Items from a data source
★ ★ ★

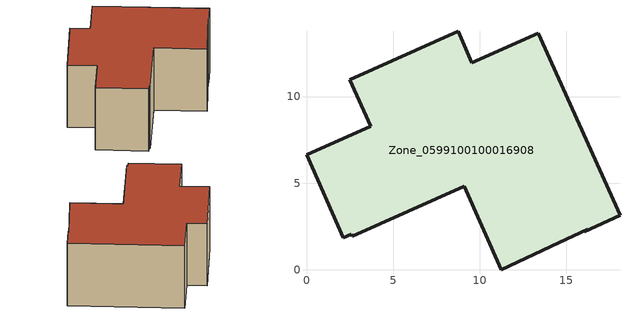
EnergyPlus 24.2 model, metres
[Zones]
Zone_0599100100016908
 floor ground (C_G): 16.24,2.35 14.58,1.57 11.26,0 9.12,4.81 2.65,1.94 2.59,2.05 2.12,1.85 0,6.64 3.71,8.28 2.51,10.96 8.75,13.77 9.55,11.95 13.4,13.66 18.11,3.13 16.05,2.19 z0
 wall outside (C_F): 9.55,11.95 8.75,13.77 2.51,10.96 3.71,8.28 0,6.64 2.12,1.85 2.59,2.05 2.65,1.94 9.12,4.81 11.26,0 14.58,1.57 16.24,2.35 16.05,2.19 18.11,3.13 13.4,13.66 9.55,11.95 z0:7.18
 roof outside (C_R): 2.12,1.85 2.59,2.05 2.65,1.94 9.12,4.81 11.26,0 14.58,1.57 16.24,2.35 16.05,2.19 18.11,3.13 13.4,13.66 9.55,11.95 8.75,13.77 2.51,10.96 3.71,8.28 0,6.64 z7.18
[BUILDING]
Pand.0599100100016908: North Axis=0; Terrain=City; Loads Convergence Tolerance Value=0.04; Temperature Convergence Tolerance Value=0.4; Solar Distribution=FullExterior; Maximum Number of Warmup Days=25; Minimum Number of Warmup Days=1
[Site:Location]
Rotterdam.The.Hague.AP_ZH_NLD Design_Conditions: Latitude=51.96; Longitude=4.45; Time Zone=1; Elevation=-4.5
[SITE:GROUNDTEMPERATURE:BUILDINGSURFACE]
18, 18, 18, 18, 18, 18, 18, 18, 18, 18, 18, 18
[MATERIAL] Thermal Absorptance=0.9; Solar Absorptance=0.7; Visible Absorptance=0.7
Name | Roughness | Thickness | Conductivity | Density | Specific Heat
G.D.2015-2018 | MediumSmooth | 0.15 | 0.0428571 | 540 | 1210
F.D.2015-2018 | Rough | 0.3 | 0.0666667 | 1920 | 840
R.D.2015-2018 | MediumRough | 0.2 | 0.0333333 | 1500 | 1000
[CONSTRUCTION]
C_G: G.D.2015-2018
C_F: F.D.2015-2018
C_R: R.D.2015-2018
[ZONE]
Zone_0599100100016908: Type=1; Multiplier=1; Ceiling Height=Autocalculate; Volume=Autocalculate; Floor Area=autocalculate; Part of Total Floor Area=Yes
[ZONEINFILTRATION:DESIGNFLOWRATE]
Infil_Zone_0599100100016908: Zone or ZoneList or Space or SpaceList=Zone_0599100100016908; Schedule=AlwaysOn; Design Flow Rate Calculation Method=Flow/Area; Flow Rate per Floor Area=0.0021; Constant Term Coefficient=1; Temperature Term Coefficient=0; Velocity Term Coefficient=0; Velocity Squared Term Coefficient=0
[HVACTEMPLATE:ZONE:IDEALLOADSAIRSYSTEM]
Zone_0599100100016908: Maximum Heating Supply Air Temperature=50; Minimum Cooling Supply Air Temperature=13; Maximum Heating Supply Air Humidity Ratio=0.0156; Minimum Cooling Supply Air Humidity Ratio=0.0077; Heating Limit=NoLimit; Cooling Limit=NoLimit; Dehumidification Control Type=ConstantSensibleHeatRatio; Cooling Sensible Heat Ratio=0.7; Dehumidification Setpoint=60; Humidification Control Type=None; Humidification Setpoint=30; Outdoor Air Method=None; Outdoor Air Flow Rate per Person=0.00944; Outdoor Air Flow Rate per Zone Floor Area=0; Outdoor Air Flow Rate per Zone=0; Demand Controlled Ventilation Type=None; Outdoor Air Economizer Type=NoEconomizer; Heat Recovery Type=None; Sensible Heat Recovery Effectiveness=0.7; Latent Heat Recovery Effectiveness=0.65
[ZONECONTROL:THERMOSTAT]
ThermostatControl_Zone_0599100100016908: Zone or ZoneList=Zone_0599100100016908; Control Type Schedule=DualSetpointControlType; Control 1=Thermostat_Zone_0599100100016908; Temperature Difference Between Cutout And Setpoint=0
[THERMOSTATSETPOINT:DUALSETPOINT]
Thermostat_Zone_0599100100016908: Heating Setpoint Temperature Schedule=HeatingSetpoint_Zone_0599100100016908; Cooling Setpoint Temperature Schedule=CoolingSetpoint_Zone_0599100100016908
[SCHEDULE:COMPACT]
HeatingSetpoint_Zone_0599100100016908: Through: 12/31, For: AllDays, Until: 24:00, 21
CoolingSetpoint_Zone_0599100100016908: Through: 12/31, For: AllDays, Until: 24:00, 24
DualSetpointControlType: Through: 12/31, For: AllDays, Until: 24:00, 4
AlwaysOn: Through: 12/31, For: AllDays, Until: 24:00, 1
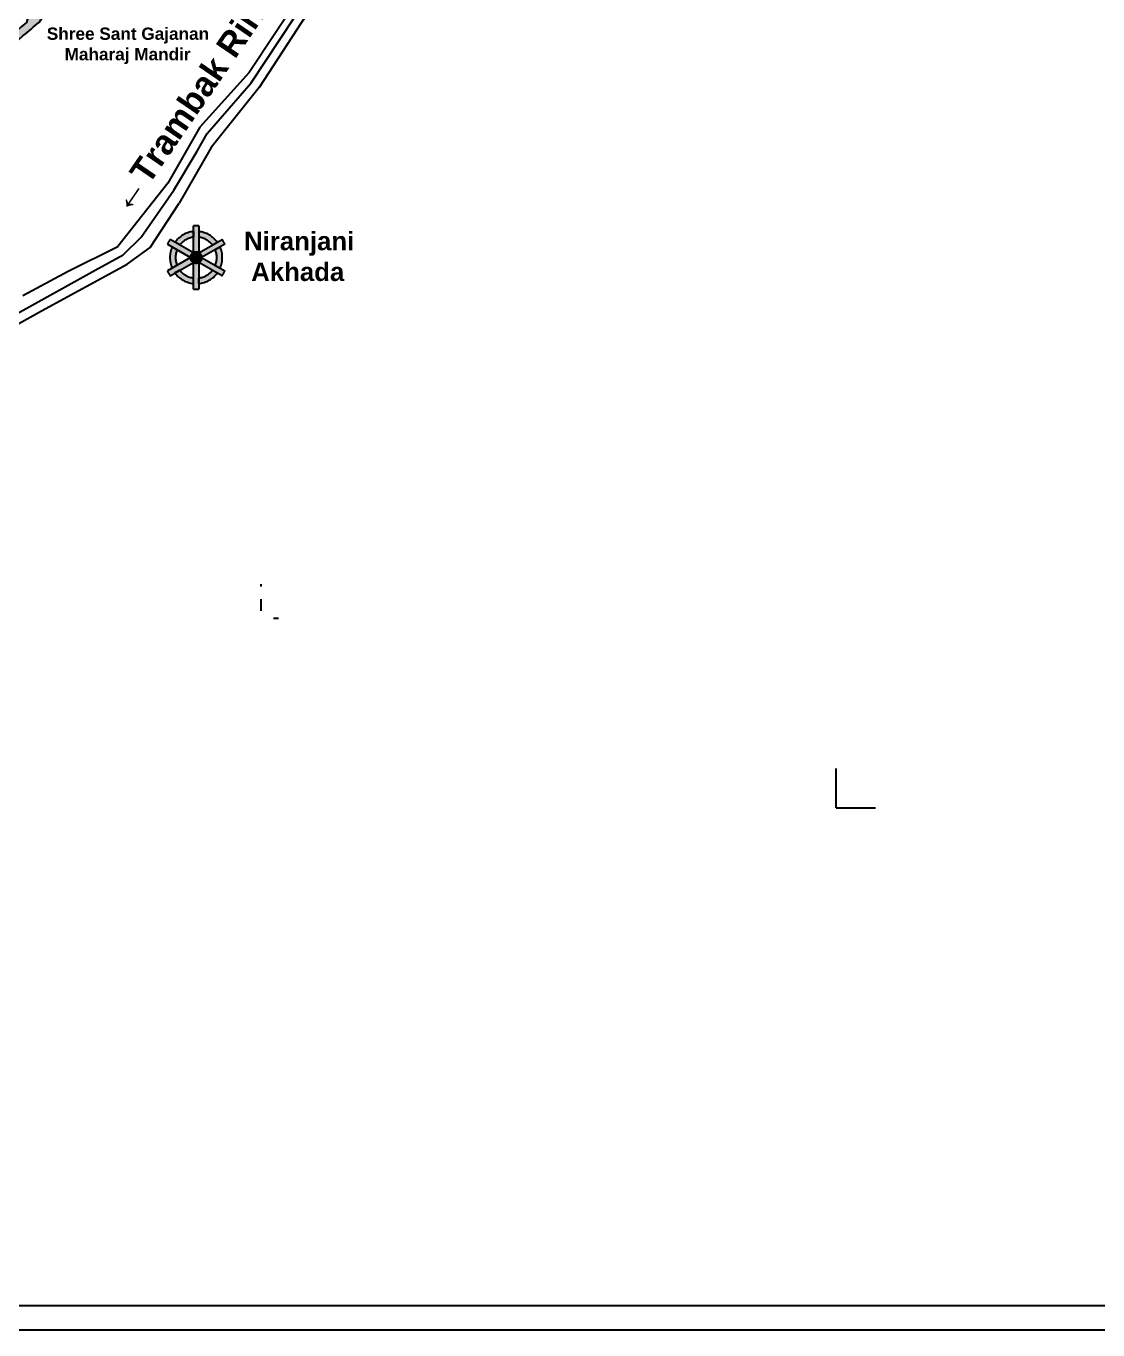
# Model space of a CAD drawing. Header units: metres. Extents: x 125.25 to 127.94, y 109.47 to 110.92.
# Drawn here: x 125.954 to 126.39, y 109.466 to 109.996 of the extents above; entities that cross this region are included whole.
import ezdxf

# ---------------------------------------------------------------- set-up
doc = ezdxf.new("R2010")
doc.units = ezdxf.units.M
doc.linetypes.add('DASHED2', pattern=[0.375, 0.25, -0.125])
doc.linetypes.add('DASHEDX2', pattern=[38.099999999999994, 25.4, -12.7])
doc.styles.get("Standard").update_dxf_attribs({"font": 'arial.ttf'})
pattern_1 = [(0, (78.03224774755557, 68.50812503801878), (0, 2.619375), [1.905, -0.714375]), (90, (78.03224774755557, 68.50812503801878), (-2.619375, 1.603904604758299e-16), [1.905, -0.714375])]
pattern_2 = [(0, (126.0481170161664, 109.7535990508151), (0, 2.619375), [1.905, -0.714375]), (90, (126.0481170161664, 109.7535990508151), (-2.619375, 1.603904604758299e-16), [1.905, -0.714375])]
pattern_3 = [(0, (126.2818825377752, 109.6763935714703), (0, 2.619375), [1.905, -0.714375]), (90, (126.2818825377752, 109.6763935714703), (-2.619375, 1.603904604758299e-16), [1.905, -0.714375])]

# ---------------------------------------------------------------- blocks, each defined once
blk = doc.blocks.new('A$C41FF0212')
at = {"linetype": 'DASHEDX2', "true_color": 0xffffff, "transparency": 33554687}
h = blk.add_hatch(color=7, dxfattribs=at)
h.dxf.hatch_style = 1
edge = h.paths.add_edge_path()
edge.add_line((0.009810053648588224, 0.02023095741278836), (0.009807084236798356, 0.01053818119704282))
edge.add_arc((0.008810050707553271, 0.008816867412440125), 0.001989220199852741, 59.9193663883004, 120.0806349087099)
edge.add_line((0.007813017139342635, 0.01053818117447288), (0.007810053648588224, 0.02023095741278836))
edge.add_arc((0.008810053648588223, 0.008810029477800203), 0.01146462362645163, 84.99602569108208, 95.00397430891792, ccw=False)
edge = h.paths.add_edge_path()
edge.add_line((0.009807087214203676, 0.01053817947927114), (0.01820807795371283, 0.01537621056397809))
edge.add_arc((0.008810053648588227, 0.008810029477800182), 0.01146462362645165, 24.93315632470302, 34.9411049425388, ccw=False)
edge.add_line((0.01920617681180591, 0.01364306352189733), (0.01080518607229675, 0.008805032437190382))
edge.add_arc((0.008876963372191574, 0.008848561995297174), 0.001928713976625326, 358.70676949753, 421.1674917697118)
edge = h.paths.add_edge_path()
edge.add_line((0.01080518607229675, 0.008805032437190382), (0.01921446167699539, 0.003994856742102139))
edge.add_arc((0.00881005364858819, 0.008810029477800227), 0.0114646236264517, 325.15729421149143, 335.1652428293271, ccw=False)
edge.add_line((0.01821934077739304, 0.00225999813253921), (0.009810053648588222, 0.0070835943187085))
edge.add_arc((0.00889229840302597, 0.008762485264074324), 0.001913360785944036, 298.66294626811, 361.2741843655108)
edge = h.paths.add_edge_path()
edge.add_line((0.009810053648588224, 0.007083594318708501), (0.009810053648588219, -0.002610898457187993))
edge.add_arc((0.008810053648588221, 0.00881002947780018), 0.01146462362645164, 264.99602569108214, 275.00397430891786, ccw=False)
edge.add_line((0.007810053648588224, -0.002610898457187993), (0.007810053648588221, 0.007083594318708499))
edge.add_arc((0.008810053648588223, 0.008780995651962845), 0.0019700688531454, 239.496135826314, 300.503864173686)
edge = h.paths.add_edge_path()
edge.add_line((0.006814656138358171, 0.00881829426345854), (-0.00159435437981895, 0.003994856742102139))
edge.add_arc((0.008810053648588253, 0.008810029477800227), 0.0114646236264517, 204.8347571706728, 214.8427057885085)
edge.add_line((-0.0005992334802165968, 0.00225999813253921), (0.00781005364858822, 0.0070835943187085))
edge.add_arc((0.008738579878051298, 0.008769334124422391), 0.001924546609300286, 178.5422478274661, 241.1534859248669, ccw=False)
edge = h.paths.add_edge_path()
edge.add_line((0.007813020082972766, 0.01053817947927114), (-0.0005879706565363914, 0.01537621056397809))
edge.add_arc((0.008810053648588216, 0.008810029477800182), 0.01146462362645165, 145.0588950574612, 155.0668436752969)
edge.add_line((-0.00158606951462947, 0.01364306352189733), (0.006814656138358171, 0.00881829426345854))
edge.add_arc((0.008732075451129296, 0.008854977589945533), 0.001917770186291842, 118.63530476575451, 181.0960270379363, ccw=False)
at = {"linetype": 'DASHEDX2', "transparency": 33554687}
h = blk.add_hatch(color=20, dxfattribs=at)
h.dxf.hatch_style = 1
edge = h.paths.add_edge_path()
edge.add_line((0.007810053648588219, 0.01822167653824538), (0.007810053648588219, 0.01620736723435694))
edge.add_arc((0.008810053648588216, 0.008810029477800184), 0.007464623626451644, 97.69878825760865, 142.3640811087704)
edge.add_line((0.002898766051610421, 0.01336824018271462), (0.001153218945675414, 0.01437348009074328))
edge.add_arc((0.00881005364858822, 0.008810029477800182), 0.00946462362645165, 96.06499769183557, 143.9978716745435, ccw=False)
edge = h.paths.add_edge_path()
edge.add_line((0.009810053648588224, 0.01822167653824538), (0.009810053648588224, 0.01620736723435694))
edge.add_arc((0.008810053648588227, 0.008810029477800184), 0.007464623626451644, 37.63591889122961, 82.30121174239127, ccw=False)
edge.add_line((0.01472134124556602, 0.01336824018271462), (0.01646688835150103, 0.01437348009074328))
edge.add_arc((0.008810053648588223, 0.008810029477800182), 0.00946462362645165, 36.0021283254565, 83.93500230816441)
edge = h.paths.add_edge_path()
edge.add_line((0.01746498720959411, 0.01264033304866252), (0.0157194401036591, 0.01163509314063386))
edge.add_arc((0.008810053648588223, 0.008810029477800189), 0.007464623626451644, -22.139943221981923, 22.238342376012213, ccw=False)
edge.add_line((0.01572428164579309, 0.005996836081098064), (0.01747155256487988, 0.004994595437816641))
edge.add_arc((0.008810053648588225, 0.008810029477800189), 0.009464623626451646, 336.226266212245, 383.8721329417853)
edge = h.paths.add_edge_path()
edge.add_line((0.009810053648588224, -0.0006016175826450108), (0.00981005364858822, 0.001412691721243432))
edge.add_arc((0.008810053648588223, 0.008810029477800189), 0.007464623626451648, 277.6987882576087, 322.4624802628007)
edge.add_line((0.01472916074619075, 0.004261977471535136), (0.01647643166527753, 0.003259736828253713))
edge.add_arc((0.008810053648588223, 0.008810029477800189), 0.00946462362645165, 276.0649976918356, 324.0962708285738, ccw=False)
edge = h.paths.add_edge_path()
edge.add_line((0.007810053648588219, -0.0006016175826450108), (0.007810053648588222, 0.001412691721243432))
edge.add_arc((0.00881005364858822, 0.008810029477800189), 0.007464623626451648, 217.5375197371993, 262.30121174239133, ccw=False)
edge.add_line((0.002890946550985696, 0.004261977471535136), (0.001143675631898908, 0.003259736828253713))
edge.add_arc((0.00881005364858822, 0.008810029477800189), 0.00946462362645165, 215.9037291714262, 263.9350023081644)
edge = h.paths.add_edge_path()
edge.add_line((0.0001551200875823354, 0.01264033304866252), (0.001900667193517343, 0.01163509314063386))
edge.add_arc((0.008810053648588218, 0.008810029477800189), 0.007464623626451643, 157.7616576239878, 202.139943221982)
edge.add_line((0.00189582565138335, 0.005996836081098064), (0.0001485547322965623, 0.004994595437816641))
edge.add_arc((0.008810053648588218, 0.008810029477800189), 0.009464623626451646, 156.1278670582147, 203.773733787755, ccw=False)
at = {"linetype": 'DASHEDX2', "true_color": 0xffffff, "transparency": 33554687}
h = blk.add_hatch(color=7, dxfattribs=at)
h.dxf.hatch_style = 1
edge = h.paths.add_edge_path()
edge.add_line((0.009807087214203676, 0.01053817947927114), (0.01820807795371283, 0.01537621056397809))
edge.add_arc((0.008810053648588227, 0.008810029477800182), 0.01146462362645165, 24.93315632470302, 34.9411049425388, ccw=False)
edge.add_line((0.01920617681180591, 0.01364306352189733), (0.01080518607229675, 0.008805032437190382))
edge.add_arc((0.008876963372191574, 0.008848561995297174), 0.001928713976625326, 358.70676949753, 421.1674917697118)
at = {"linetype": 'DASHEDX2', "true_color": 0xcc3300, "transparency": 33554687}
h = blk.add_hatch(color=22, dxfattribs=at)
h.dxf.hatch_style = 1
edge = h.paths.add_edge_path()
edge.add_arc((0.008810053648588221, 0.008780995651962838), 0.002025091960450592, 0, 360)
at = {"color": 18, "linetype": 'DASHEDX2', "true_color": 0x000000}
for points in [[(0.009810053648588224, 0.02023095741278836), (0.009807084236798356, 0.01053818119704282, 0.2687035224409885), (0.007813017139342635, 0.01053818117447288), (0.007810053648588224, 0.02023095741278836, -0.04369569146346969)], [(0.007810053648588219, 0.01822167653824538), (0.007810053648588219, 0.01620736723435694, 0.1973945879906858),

★ ★ ★

The lines in the records above that include the word "AlwaysOn" must be copied out.

Infil_Zone_0599100100016908: Zone or ZoneList or Space or SpaceList=Zone_0599100100016908; Schedule=AlwaysOn; Design Flow Rate Calculation Method=Flow/Area; Flow Rate per Floor Area=0.0021; Constant Term Coefficient=1; Temperature Term Coefficient=0; Velocity Term Coefficient=0; Velocity Squared Term Coefficient=0
AlwaysOn: Through: 12/31, For: AllDays, Until: 24:00, 1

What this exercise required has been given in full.